Sverre ejerció con la mano una presión equivalente a los ciento veinte kilos de pesas que solía levantar. ¿Cómo era capaz de resistir ese viejo escuálido…?
– Diles que el rifle se pagará al contado, en coronas noruegas, en el momento de la entrega. Recibirás el resto de tu dinero dentro de tres días.
– ¿Ah, sí? ¿Y qué pasa si cojo el dinero y…?
– Entonces volveré y te mataré.
Sverre se frotó la muñeca. No pidió más explicaciones.
Un viento gélido barría la acera ante la cabina de teléfonos que había junto a la piscina de la calle Torggaten mientras Sverre Olsen marcaba el número con mano temblorosa. ¡Joder, qué frío! Además, tenía las botas agujereadas. Alguien contestó al teléfono.
– ¿Sí?
– Soy yo, Olsen.
– Habla.
– Hay un tipo que quiere un rifle. Un Märklin.
Se hizo un silencio.
– Como las maquetas Märklin -explicó Sverre.

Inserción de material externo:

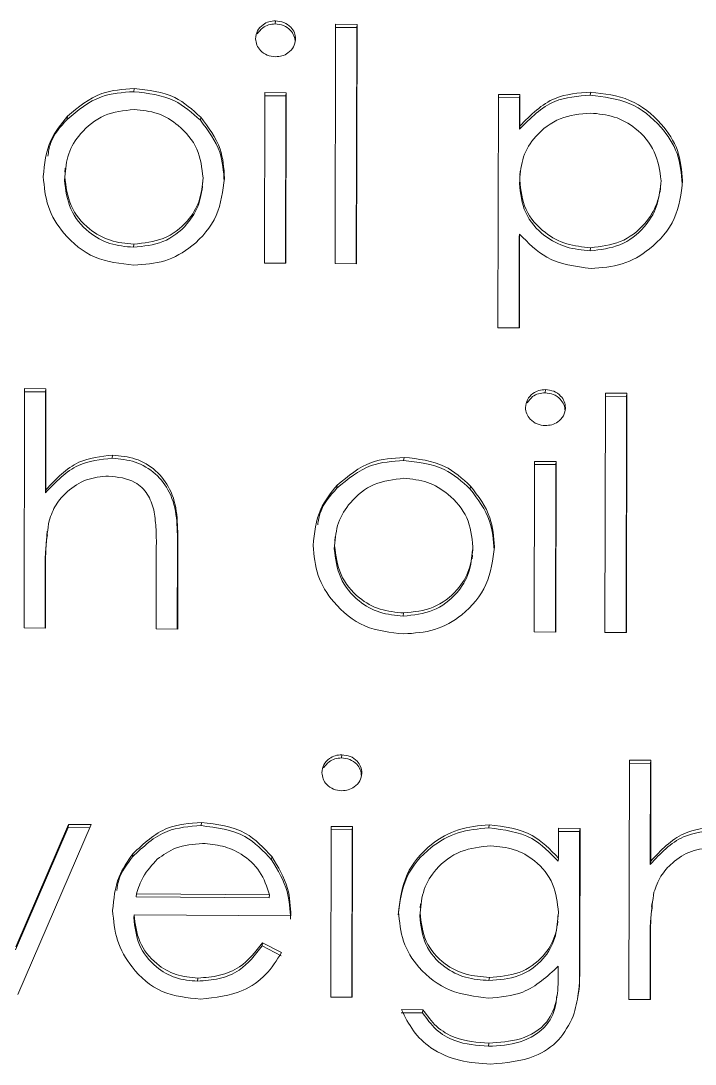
# Model space of a CAD drawing. Extents: x 766778 to 845620, y 133762 to 209800.
# Drawn here: x 788360.56 to 788370.39, y 190692.38 to 190707.61 of the extents above; entities that cross this region are included whole.
import ezdxf

# ---------------------------------------------------------------- set-up
doc = ezdxf.new("R2010")
doc.units = 0
doc.header["$MEASUREMENT"] = 0
doc.layers.get('0').update_dxf_attribs({"color": 1, "linetype": 'CONTINUOUS'})

# ---------------------------------------------------------------- blocks, each defined once
blk = doc.blocks.new('fifui')
at = {"color": 252, "linetype": 'Continuous', "lineweight": 5}
for p, q in [((405082.302, -8302.116), (405082.307, -8302.07)), ((405083.183, -8302.119), (405083.497, -8302.121)), ((405083.183, -8305.613), (405083.183, -8302.119)), ((405083.183, -8302.165), (405083.492, -8302.167)), ((405083.492, -8302.167), (405083.497, -8302.121)), ((405083.492, -8302.167), (405083.492, -8305.615)), ((405083.497, -8302.121), (405083.497, -8305.615)), ((405082.595, -8302.381), (405082.6, -8302.335)), ((405080.241, -8303.108), (405080.246, -8303.062)), ((405086.902, -8303.148), (405086.908, -8303.102)), ((405082.151, -8303.118), (405082.465, -8303.119)), ((405082.151, -8305.607), (405082.151, -8303.118)), ((405082.151, -8303.163), (405082.46, -8303.165)), ((405082.46, -8303.165), (405082.465, -8303.119)), ((405082.46, -8303.165), (405082.46, -8305.609)), ((405082.465, -8303.119), (405082.465, -8305.609)), ((405085.56, -8303.138), (405085.874, -8303.14)), ((405085.56, -8306.545), (405085.56, -8303.138)), ((405085.56, -8303.184), (405085.869, -8303.186)), ((405085.869, -8303.186), (405085.874, -8303.14)), ((405085.869, -8303.186), (405085.869, -8303.646)), ((405085.874, -8303.14), (405085.874, -8303.601)), ((405079.267, -8303.515), (405079.272, -8303.469)), ((405081.213, -8303.524), (405081.218, -8303.478)), ((405085.869, -8303.646), (405085.874, -8303.601)), ((405079.243, -8304.226), (405079.237, -8304.283)), ((405085.882, -8304.258), (405085.876, -8304.315)), ((405079.23, -8304.4), (405079.236, -8304.354)), ((405081.563, -8304.412), (405081.568, -8304.366)), ((405085.869, -8304.436), (405085.874, -8304.39)), ((405088.247, -8304.438), (405088.252, -8304.392)), ((405081.24, -8304.543), (405081.247, -8304.485)), ((405087.924, -8304.562), (405087.931, -8304.505)), ((405085.869, -8305.224), (405085.874, -8305.178)), ((405085.869, -8305.224), (405085.869, -8306.547)), ((405085.874, -8305.178), (405085.874, -8306.547)), ((405080.24, -8305.379), (405080.245, -8305.334)), ((405086.904, -8305.419), (405086.91, -8305.374)), ((405082.465, -8305.609), (405082.151, -8305.607)), ((405083.497, -8305.615), (405083.183, -8305.613)), ((405085.874, -8306.547), (405085.56, -8306.545)), ((405078.653, -8307.445), (405078.967, -8307.447)), ((405078.653, -8310.94), (405078.653, -8307.445)), ((405078.653, -8307.491), (405078.961, -8307.493)), ((405078.961, -8307.493), (405078.967, -8307.447)), ((405078.961, -8307.493), (405078.961, -8308.968)), ((405078.967, -8307.447), (405078.967, -8308.922)), ((405086.249, -8307.493), (405086.254, -8307.447)), ((405087.13, -8307.496), (405087.444, -8307.498)), ((405087.13, -8310.991), (405087.13, -8307.496)), ((405087.439, -8307.544), (405087.444, -8307.498)), ((405087.444, -8307.498), (405087.444, -8310.992)), ((405087.13, -8307.542), (405087.439, -8307.544)), ((405087.439, -8307.544), (405087.439, -8310.992)), ((405086.542, -8307.758), (405086.547, -8307.713)), ((405079.934, -8308.46), (405079.939, -8308.414)), ((405084.188, -8308.485), (405084.194, -8308.44)), ((405086.099, -8308.495), (405086.413, -8308.497)), ((405086.099, -8310.984), (405086.099, -8308.495)), ((405086.099, -8308.541), (405086.407, -8308.542)), ((405086.407, -8308.542), (405086.413, -8308.497)), ((405086.407, -8308.542), (405086.407, -8310.986)), ((405086.413, -8308.497), (405086.413, -8310.986)), ((405083.214, -8308.892), (405083.219, -8308.846)), ((405085.16, -8308.901), (405085.165, -8308.856)), ((405078.961, -8308.968), (405078.967, -8308.922)), ((405078.988, -8309.527), (405078.982, -8309.584)), ((405083.191, -8309.603), (405083.184, -8309.66)), ((405080.581, -8310.951), (405080.581, -8309.78)), ((405080.89, -8309.728), (405080.89, -8310.953)), ((405080.895, -8309.682), (405080.895, -8310.953)), ((405083.178, -8309.777), (405083.183, -8309.731)), ((405085.51, -8309.789), (405085.516, -8309.743)), ((405085.188, -8309.92), (405085.194, -8309.863)), ((405078.961, -8310.087), (405078.961, -8310.941)), ((405078.967, -8310.041), (405078.967, -8310.941)), ((405084.187, -8310.757), (405084.192, -8310.711)), ((405078.967, -8310.941), (405078.653, -8310.94)), ((405080.895, -8310.953), (405080.581, -8310.951)), ((405086.413, -8310.986), (405086.099, -8310.984)), ((405087.444, -8310.992), (405087.13, -8310.991)), ((405083.289, -8312.829), (405083.294, -8312.783)), ((405087.489, -8312.852), (405087.803, -8312.854)), ((405087.489, -8316.346), (405087.489, -8312.852)), ((405087.798, -8312.9), (405087.803, -8312.854)), ((405087.803, -8312.854), (405087.803, -8314.329)), ((405087.489, -8312.898), (405087.798, -8312.9)), ((405087.798, -8312.9), (405087.798, -8314.375)), ((405083.581, -8313.094), (405083.587, -8313.048)), ((405078.535, -8315.639), (405079.304, -8313.853)), ((405078.54, -8315.594), (405079.309, -8313.807)), ((405079.639, -8313.809), (405078.571, -8316.293)), ((405079.304, -8313.853), (405079.309, -8313.807)), ((405079.304, -8313.853), (405079.62, -8313.855)), ((405079.309, -8313.807), (405079.639, -8313.809)), ((405081.242, -8313.821), (405081.247, -8313.775)), ((405083.138, -8313.83), (405083.452, -8313.832)), ((405083.138, -8316.32), (405083.138, -8313.83)), ((405083.138, -8313.876), (405083.447, -8313.878)), ((405083.447, -8313.878), (405083.452, -8313.832)), ((405083.447, -8313.878), (405083.447, -8316.322)), ((405083.452, -8313.832), (405083.452, -8316.322)), ((405085.44, -8313.846), (405085.445, -8313.801)), ((405086.458, -8313.85), (405086.772, -8313.852)), ((405086.458, -8314.286), (405086.458, -8313.85)), ((405086.458, -8313.896), (405086.766, -8313.898)), ((405086.766, -8313.898), (405086.772, -8313.852)), ((405086.766, -8313.898), (405086.766, -8315.874)), ((405086.772, -8313.852), (405086.772, -8315.828)), ((405080.243, -8314.279), (405080.248, -8314.233)), ((405082.272, -8314.317), (405082.277, -8314.272)), ((405086.452, -8314.332), (405086.458, -8314.286)), ((405087.798, -8314.375), (405087.803, -8314.329)), ((405080.295, -8314.864), (405080.3, -8314.818)), ((405080.3, -8314.818), (405082.241, -8314.83)), ((405082.236, -8314.875), (405082.241, -8314.83)), ((405080.295, -8314.864), (405082.236, -8314.875)), ((405084.447, -8314.958), (405084.441, -8315.015)), ((405087.825, -8314.934), (405087.818, -8314.991)), ((405080.262, -8315.169), (405080.267, -8315.124)), ((405082.555, -8315.137), (405080.267, -8315.124)), ((405084.434, -8315.133), (405084.439, -8315.087)), ((405086.445, -8315.265), (405086.451, -8315.208)), ((405087.803, -8315.448), (405087.803, -8316.348)), ((405082.136, -8315.574), (405082.142, -8315.528)), ((405082.136, -8315.574), (405082.415, -8315.718)), ((405082.142, -8315.528), (405082.42, -8315.672)), ((405087.798, -8315.494), (405087.798, -8316.348)), ((405086.458, -8315.992), (405086.458, -8315.863)), ((405081.195, -8316.092), (405081.2, -8316.046)), ((405085.447, -8316.074), (405085.452, -8316.028)), ((405083.452, -8316.322), (405083.138, -8316.32)), ((405086.438, -8316.315), (405086.445, -8316.258)), ((405087.803, -8316.348), (405087.489, -8316.346)), ((405084.17, -8316.501), (405084.484, -8316.503)), ((405084.479, -8316.549), (405084.484, -8316.503)), ((405084.165, -8316.547), (405084.479, -8316.549)), ((405085.44, -8317.035), (405085.445, -8316.989))]:
    blk.add_line(p, q, dxfattribs=at)
for points, knots in [([(405082.017, -8302.332), (405082.022, -8302.292), (405082.034, -8302.211), (405082.116, -8302.127), (405082.21, -8302.077), (405082.274, -8302.073), (405082.307, -8302.07)], [0, 0, 0, 0, 0.279309, 0.558911, 0.779445, 1, 1, 1, 1]), ([(405082.041, -8302.262), (405082.065, -8302.23), (405082.108, -8302.172), (405082.205, -8302.123), (405082.269, -8302.118), (405082.302, -8302.116)], [0, 0, 0, 0, 0.387977, 0.694008, 1, 1, 1, 1]), ([(405082.302, -8302.116), (405082.343, -8302.12), (405082.426, -8302.129), (405082.522, -8302.199), (405082.584, -8302.286), (405082.591, -8302.35), (405082.595, -8302.381)], [0, 0, 0, 0, 0.279862, 0.559861, 0.779926, 1, 1, 1, 1]), ([(405082.307, -8302.07), (405082.348, -8302.075), (405082.432, -8302.083), (405082.527, -8302.153), (405082.59, -8302.24), (405082.596, -8302.304), (405082.6, -8302.335)], [0, 0, 0, 0, 0.279867, 0.559843, 0.779884, 1, 1, 1, 1]), ([(405082.307, -8302.594), (405082.266, -8302.59), (405082.184, -8302.581), (405082.089, -8302.512), (405082.028, -8302.426), (405082.02, -8302.363), (405082.017, -8302.332)], [0, 0, 0, 0, 0.2797777, 0.5597135, 0.7799329, 1, 1, 1, 1]), ([(405082.6, -8302.335), (405082.594, -8302.376), (405082.582, -8302.456), (405082.498, -8302.538), (405082.404, -8302.588), (405082.339, -8302.592), (405082.307, -8302.594)], [0, 0, 0, 0, 0.2791465, 0.5588579, 0.7793593, 1, 1, 1, 1]), ([(405079.267, -8303.515), (405079.425, -8303.382), (405079.708, -8303.145), (405080.078, -8303.12), (405080.241, -8303.108)], [0, 0, 0, 0, 0.558887, 1, 1, 1, 1]), ([(405079.272, -8303.469), (405079.43, -8303.336), (405079.713, -8303.099), (405080.083, -8303.074), (405080.246, -8303.062)], [0, 0, 0, 0, 0.558876, 1, 1, 1, 1]), ([(405080.241, -8303.108), (405080.449, -8303.131), (405080.82, -8303.171), (405081.092, -8303.416), (405081.213, -8303.524)], [0, 0, 0, 0, 0.559189, 1, 1, 1, 1]), ([(405080.246, -8303.062), (405080.454, -8303.085), (405080.825, -8303.125), (405081.098, -8303.37), (405081.218, -8303.478)], [0, 0, 0, 0, 0.559177, 1, 1, 1, 1]), ([(405085.874, -8303.601), (405086.034, -8303.438), (405086.319, -8303.147), (405086.727, -8303.116), (405086.908, -8303.102)], [0, 0, 0, 0, 0.558414, 1, 1, 1, 1]), ([(405086.908, -8303.102), (405087.104, -8303.125), (405087.496, -8303.171), (405087.933, -8303.52), (405088.209, -8303.942), (405088.238, -8304.242), (405088.252, -8304.392)], [0, 0, 0, 0, 0.279624, 0.559432, 0.779704, 1, 1, 1, 1]), ([(405085.869, -8303.646), (405086.028, -8303.484), (405086.313, -8303.193), (405086.722, -8303.162), (405086.902, -8303.148)], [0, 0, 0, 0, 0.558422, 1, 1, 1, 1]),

– Olsen, sé lo que es un Märklin.
La voz que surgía del auricular era plana y neutra, pero a Sverre no le pasó inadvertido el desprecio. Sin embargo, no dijo nada porque, a pesar de que odiaba a aquel hombre con todas sus fuerzas, el miedo que le infundía era más intenso; y no lo avergonzaba admitirlo. Tenía fama de ser peligroso. Sólo unos pocos dentro del entorno habían oído hablar de él, y tampoco Sverre conocía su verdadero nombre. Pero, gracias a sus contactos, había sacado a Sverre y a sus colegas de algún que otro aprieto. Por supuesto que era por la causa, no porque a él le importase Sverre Olsen. Si Sverre hubiese conocido a otra persona capaz de proporcionarle lo que buscaba, habría preferido ese otro contacto.
La voz:
– ¿Quién pregunta y para qué quiere el arma?
– Un tipo viejo, no lo había visto antes. Dijo que era uno de los nuestros. Y no pregunté a quién pensaba darle el paseo, por decirlo de alguna manera. A nadie, quizá. Tal vez sólo lo quiera para…
– ¡Cierra la boca, Olsen! ¿Tenía pinta de tener dinero?
– Iba bien vestido. Y me dio un billete de mil sólo por contestarle si podía conseguírselo o no.
– Te dio un billete de mil para que cerrases el pico, no por contestar.
– Bueno, vale.
– Interesante.
– Volveremos a vernos dentro de tres días. Para entonces quiere saber si podemos arreglárselo.
– ¿Podemos?
– Sí, bueno…
– Si yo lo puedo arreglar, quieres decir.
– Por supuesto. Pero…
– ¿Cuánto te paga por el resto del trabajo?
Sverre vaciló, pero contestó al fin:
– Diez papeles.
– Yo te daré otro tanto. Diez. Si hay trato. ¿Comprendes?
– Comprendo.
– ¿Por qué te doy los diez?
– Por mantener la boca cerrada.
Cuando por fin colgó el auricular, Sverre no sentía los dedos de los pies. Necesitaba un par de botas nuevas. Se quedó mirando una bolsa de patatas fritas que, vacía e indolente, se dejaba arrastrar por el viento y, entre los coches, vagaba a trompicones hacia la calle Storgata.